Evtl. hilft dir das hier:

http://www.linux-laptop.net/

mfg

----------

## thundersteele

 *MrTom wrote:*   

> Bei Dell kann man das Notebook auch mit einer Dell-eigenen WLAN (56 MBit) kaufen. Das läuft laut Google unter Linux. Laut Intel-Specs darf es dann nicht mehr als Centrino verkauft werden. Aber das macht das Notebook ja nicht schlechter 

 

Nur eine Kleinigkeit zu den Dell Karten:

Nach meinen Infos läuft die Truemobile-1150 unter Linux, für die Truemobile-1300 und 1400 die bei den neuen Centrino Notebooks als Alternative angeboten werden gibt es zur Zeit keine Linux unterstützung. Falls jemand anderes weis bitte berichtigen.

----------

## hulk2nd

habe auch ein centrino notebook. also die intel pro wireless karte wird definitiv nicht unterstützt, ich kann nur auf die centrino petition verweisen die irgendwo hier auf dem board rumschwirrt. anfänglich habe ich eine pcmcia wlan karte benutzt, mittlerweile benutze habe ich die intel mini pc wlan karte mit einer dell 1150 karte ausgetauscht, funzt 1a. man merkt allerdings das die mehr strom schluckt. anderseits ist der empfang natürlich auch besser.

grüsse,

hulk

----------

## tobimat80

Also, ich hab ein HP nx7000. Das kann ich nur empfehlen. 

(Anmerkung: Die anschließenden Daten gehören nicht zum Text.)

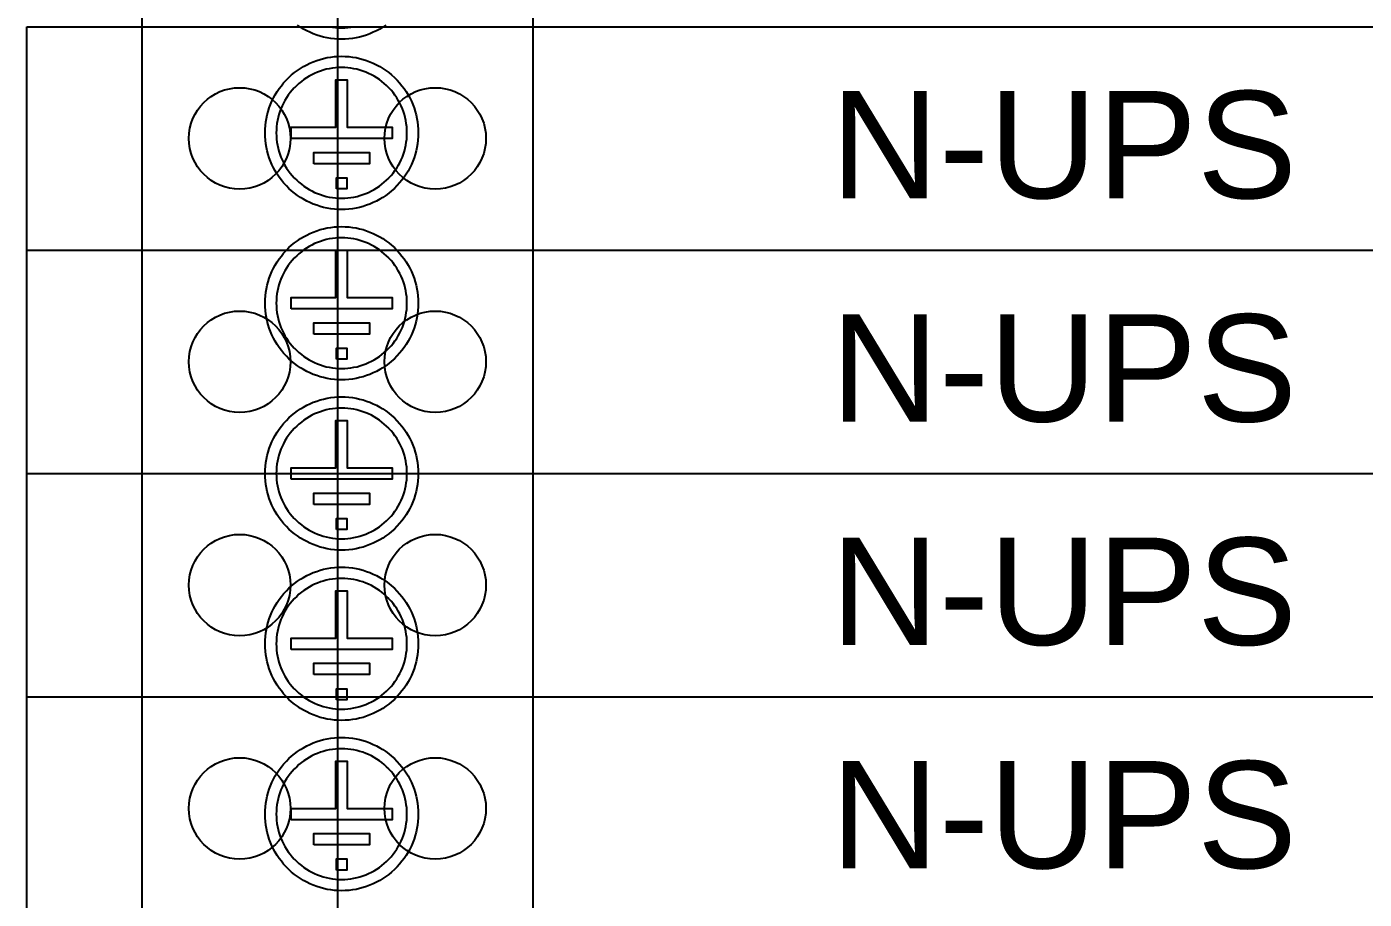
# Paper-space layout '2 DOOR PANEL LAYOUT - A1 Sheet' of a CAD drawing. Extents: x 50 to 825, y 22 to 486.
# Drawn here: x 425.94 to 432.18, y 307.02 to 311.09 of the extents above; entities that cross this region are included whole.
import ezdxf
from ezdxf.enums import TextEntityAlignment as Align

# ---------------------------------------------------------------- set-up
doc = ezdxf.new("R2010")
doc.units = 0
doc.layers.add('N-EQPM', color=3, linetype='Continuous', lineweight=25)
doc.styles.add('_CGS_2-5_NOTES', font='arial.ttf', dxfattribs={"height": 2.5})

psp = doc.layouts.new('2 DOOR PANEL LAYOUT - A1 Sheet')

# ---------------------------------------------------------------- linework, layer by layer
at = {"layer": 'N-EQPM'}
for p, q in [((426.4798, 312.1333), (426.4798, 311.0921)), ((427.3908, 312.1333), (427.3908, 311.0921)), ((428.3018, 312.1333), (428.3018, 311.0921)), ((426.4798, 311.0921), (426.4798, 310.051)), ((427.3908, 311.0921), (427.3908, 310.051)), ((428.3018, 311.0921), (428.3018, 310.051)), ((426.4798, 310.051), (426.4798, 309.0099)), ((427.3908, 310.051), (427.3908, 309.0099)), ((428.3018, 310.051), (428.3018, 309.0099)), ((426.4798, 309.0099), (426.4798, 307.9687)), ((427.3908, 309.0099), (427.3908, 307.9687)), ((428.3018, 309.0099), (428.3018, 307.9687)), ((426.4798, 307.9687), (426.4798, 306.9276)), ((427.3908, 307.9687), (427.3908, 306.9276)), ((428.3018, 307.9687), (428.3018, 306.9276))]:
    psp.add_line(p, q, dxfattribs=at)
at = {"layer": 'N-EQPM', "ltscale": 10}
for p, q in [((425.9429, 310.051), (425.9429, 311.0921)), ((425.9429, 311.0921), (435.5084, 311.0921)), ((425.9429, 310.051), (435.5084, 310.051)), ((425.9429, 309.0099), (425.9429, 310.051)), ((425.9429, 310.051), (435.5084, 310.051)), ((425.9429, 309.0099), (435.5084, 309.0099)), ((425.9429, 307.9687), (425.9429, 309.0099)), ((425.9429, 309.0099), (435.5084, 309.0099)), ((425.9429, 307.9687), (435.5084, 307.9687)), ((425.9429, 306.9276), (425.9429, 307.9687)), ((425.9429, 307.9687), (435.5084, 307.9687))]:
    psp.add_line(p, q, dxfattribs=at)
at = {"layer": 'N-EQPM', "linetype": 'Continuous'}
for points in [[(427.6165, 311.0999), (427.6024, 311.0904), (427.5879, 311.0816), (427.5731, 311.0735), (427.5579, 311.0661), (427.5423, 311.0595), (427.5265, 311.0536), (427.5105, 311.0485), (427.4942, 311.0441), (427.4777, 311.0405), (427.4611, 311.0378), (427.4443, 311.0358), (427.4274, 311.0346), (427.4103, 311.0342), (427.3933, 311.0346), (427.3764, 311.0358), (427.3596, 311.0378), (427.3429, 311.0405), (427.3265, 311.0441), (427.3102, 311.0485), (427.2941, 311.0536), (427.2783, 311.0595), (427.2628, 311.0661), (427.2476, 311.0735), (427.2327, 311.0816), (427.2182, 311.0904), (427.2041, 311.0999)], [(427.3529, 311.0923), (427.3671, 311.0899), (427.3814, 311.0882), (427.3958, 311.0872), (427.4103, 311.0868), (427.4249, 311.0872), (427.4393, 311.0882), (427.4536, 311.0899), (427.4678, 311.0923)]]:
    psp.add_lwpolyline(points, dxfattribs=at)
for points in [[(427.4942, 310.2502), (427.4777, 310.2467), (427.4611, 310.2439), (427.4443, 310.2419), (427.4274, 310.2407), (427.4103, 310.2403), (427.3933, 310.2407), (427.3764, 310.2419), (427.3596, 310.2439), (427.3429, 310.2467), (427.3265, 310.2502), (427.3102, 310.2546), (427.2941, 310.2597), (427.2783, 310.2656), (427.2628, 310.2722), (427.2476, 310.2796), (427.2327, 310.2877), (427.2182, 310.2965), (427.2041, 310.306), (427.1905, 310.3162), (427.1773, 310.3271), (427.1647, 310.3385), (427.1526, 310.3505), (427.1515, 310.3516), (427.1401, 310.3643), (427.1293, 310.3774), (427.1191, 310.3911), (427.1096, 310.4052), (427.1008, 310.4197), (427.0926, 310.4345), (427.0853, 310.4498), (427.0786, 310.4653), (427.0727, 310.4811), (427.0676, 310.4972), (427.0633, 310.5134), (427.0597, 310.5299), (427.0569, 310.5466), (427.0549, 310.5634), (427.0537, 310.5803), (427.0533, 310.5973), (427.0537, 310.6143), (427.0549, 310.6313), (427.0569, 310.6481), (427.0597, 310.6647), (427.0633, 310.6812), (427.0676, 310.6975), (427.0727, 310.7136), (427.0786, 310.7294), (427.0853, 310.7449), (427.0926, 310.7601), (427.1008, 310.775), (427.1096, 310.7895), (427.1191, 310.8036), (427.1293, 310.8173), (427.1401, 310.8304), (427.1515, 310.8431), (427.1526, 310.8442), (427.1647, 310.8563), (427.1774, 310.8677), (427.1905, 310.8785), (427.2042, 310.8887), (427.2182, 310.8982), (427.2327, 310.9071), (427.2476, 310.9152), (427.2628, 310.9225), (427.2783, 310.9292), (427.2942, 310.9351), (427.3102, 310.9402), (427.3265, 310.9445), (427.343, 310.9481), (427.3596, 310.9509), (427.3764, 310.9529), (427.3933, 310.9541), (427.4103, 310.9545), (427.4274, 310.9541), (427.4443, 310.9529), (427.4611, 310.9509), (427.4777, 310.9481), (427.4942, 310.9445), (427.5104, 310.9402), (427.5265, 310.9351), (427.5423, 310.9292), (427.5578, 310.9225), (427.573, 310.9152), (427.5879, 310.9071), (427.6024, 310.8982), (427.6165, 310.8887), (427.6301, 310.8786), (427.6433, 310.8677), (427.6559, 310.8563), (427.668, 310.8442), (427.6691, 310.8431), (427.6805, 310.8305), (427.6913, 310.8173), (427.7015, 310.8037), (427.711, 310.7896), (427.7198, 310.7751), (427.7279, 310.7602), (427.7353, 310.7449), (427.742, 310.7294), (427.7478, 310.7136), (427.753, 310.6975), (427.7573, 310.6812), (427.7609, 310.6647), (427.7637, 310.6481), (427.7657, 310.6313), (427.7669, 310.6143), (427.7673, 310.5973), (427.7669, 310.5803), (427.7657, 310.5634), (427.7637, 310.5466), (427.7609, 310.5299), (427.7573, 310.5134), (427.753, 310.4971), (427.7478, 310.4811), (427.742, 310.4653), (427.7353, 310.4497), (427.7279, 310.4345), (427.7198, 310.4196), (427.711, 310.4051), (427.7015, 310.391), (427.6913, 310.3774), (427.6805, 310.3642), (427.6691, 310.3516), (427.668, 310.3505), (427.6559, 310.3385), (427.6433, 310.327), (427.6302, 310.3162), (427.6165, 310.306), (427.6024, 310.2965), (427.5879, 310.2877), (427.5731, 310.2796), (427.5579, 310.2722), (427.5423, 310.2656), (427.5265, 310.2597), (427.5105, 310.2546)], [(427.4957, 310.3051), (427.5094, 310.3095), (427.5229, 310.3145), (427.5362, 310.3202), (427.5492, 310.3265), (427.5618, 310.3334), (427.5742, 310.3409), (427.5862, 310.349), (427.5978, 310.3577), (427.6091, 310.3669), (427.6198, 310.3767), (427.6301, 310.387), (427.631, 310.3879), (427.6407, 310.3986), (427.65, 310.4099), (427.6587, 310.4215), (427.6668, 310.4335), (427.6743, 310.4459), (427.6812, 310.4585), (427.6875, 310.4715), (427.6932, 310.4848), (427.6982, 310.4982), (427.7026, 310.5119), (427.7063, 310.5258), (427.7093, 310.5399), (427.7117, 310.5541), (427.7134, 310.5684), (427.7144, 310.5828), (427.7148, 310.5973), (427.7144, 310.6118), (427.7134, 310.6263), (427.7117, 310.6406), (427.7093, 310.6548), (427.7063, 310.6689), (427.7026, 310.6828), (427.6982, 310.6965), (427.6932, 310.71), (427.6875, 310.7233), (427.6812, 310.7363), (427.6743, 310.749), (427.6668, 310.7614), (427.6587, 310.7734), (427.65, 310.785), (427.6408, 310.7963), (427.631, 310.807), (427.6301, 310.808), (427.6198, 310.8183), (427.609, 310.8281), (427.5978, 310.8373), (427.5861, 310.846), (427.5741, 310.8541), (427.5618, 310.8616), (427.5491, 310.8686), (427.5361, 310.8748), (427.5229, 310.8805), (427.5094, 310.8855), (427.4957, 310.8899), (427.4818, 310.8936), (427.4678, 310.8967), (427.4536, 310.899), (427.4393, 310.9007), (427.4248, 310.9018), (427.4103, 310.9021), (427.3958, 310.9018), (427.3814, 310.9007), (427.3671, 310.899), (427.3529, 310.8967), (427.3388, 310.8936), (427.3249, 310.8899), (427.3113, 310.8855), (427.2978, 310.8805), (427.2845, 310.8748), (427.2715, 310.8685), (427.2589, 310.8616), (427.2465, 310.8541), (427.2345, 310.846), (427.2229, 310.8373), (427.2116, 310.8281), (427.2009, 310.8183), (427.1905, 310.808), (427.1896, 310.807), (427.1798, 310.7962), (427.1706, 310.785), (427.1619, 310.7734), (427.1538, 310.7613), (427.1463, 310.749), (427.1393, 310.7363), (427.1331, 310.7233), (427.1274, 310.71), (427.1224, 310.6965), (427.118, 310.6828), (427.1143, 310.6689), (427.1112, 310.6548), (427.1089, 310.6406), (427.1072, 310.6263), (427.1061, 310.6118), (427.1058, 310.5973), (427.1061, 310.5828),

Schau mal auf http://mico.de.vu/qwiki/bin/qwiki.pl?LinuxOnHpNx oder www.x1000forums.com nach. Da existiert ein Forum dafür (ist zwar für die amerikanische Version namens x1000 , aber das scheint egal zu sein).

Generell gibt's mehrere Berichte über Linux-Installationen auf www.tuxmobil.com oder auf deutsch - www.tuxmobil.de.

Gruß

Tobi

Ach so, in Sachen WLAN hab ich gehört, das Intel nun doch Linux-Treiber herausrücken will - irgendwann im nächsten Jahr.

----------

## sirro

Besser ne Woche später als nie  :Wink:  Hab das gerade gefunden und direkt an den Thread gedacht.

http://www.tuxmobil.org/centrino.html

----------

## schnelle

Danke erstmal .. 

Leider steht bei Intel nicht wie lange die noch ein dem WLAN-Treiber 

entwickeln   :Very Happy: 

ABer die Seite ist gut ..

----------

## jay

Persönlich wäre ich da vorsichtig. Viele Firmen haben sich mit ihren Ankündigungen schon den Mund verbrannt. Aber notfalls kann man ja auch den WLAN Chip rausnehmen und durch was Linux-taugliches ersetzen.

----------

## aardvark

Na gut, das mit wlan ist klar!

Wie shaut's oaba aus mit dem graphik teil?

Ich schaetze auch 3d ist nicht zu ferfuegung unter linux. Fuer mich waere dass aber wichtig weil ich viel mit blender arbeite.

Bitte melde noch ob da wirklich keine probleme gibt.

Fiati!

----------

## hulk2nd

also die meisten centrino notebooks haben ja keine intel graka sondern ne ati oder nvidia. aber solltest du doch eins haben / kaufen wollen, welches diesen intel graphikchip verwendet, da gibt es soweit ich weiss treiber von intel für linux

grüsse,

hulk

----------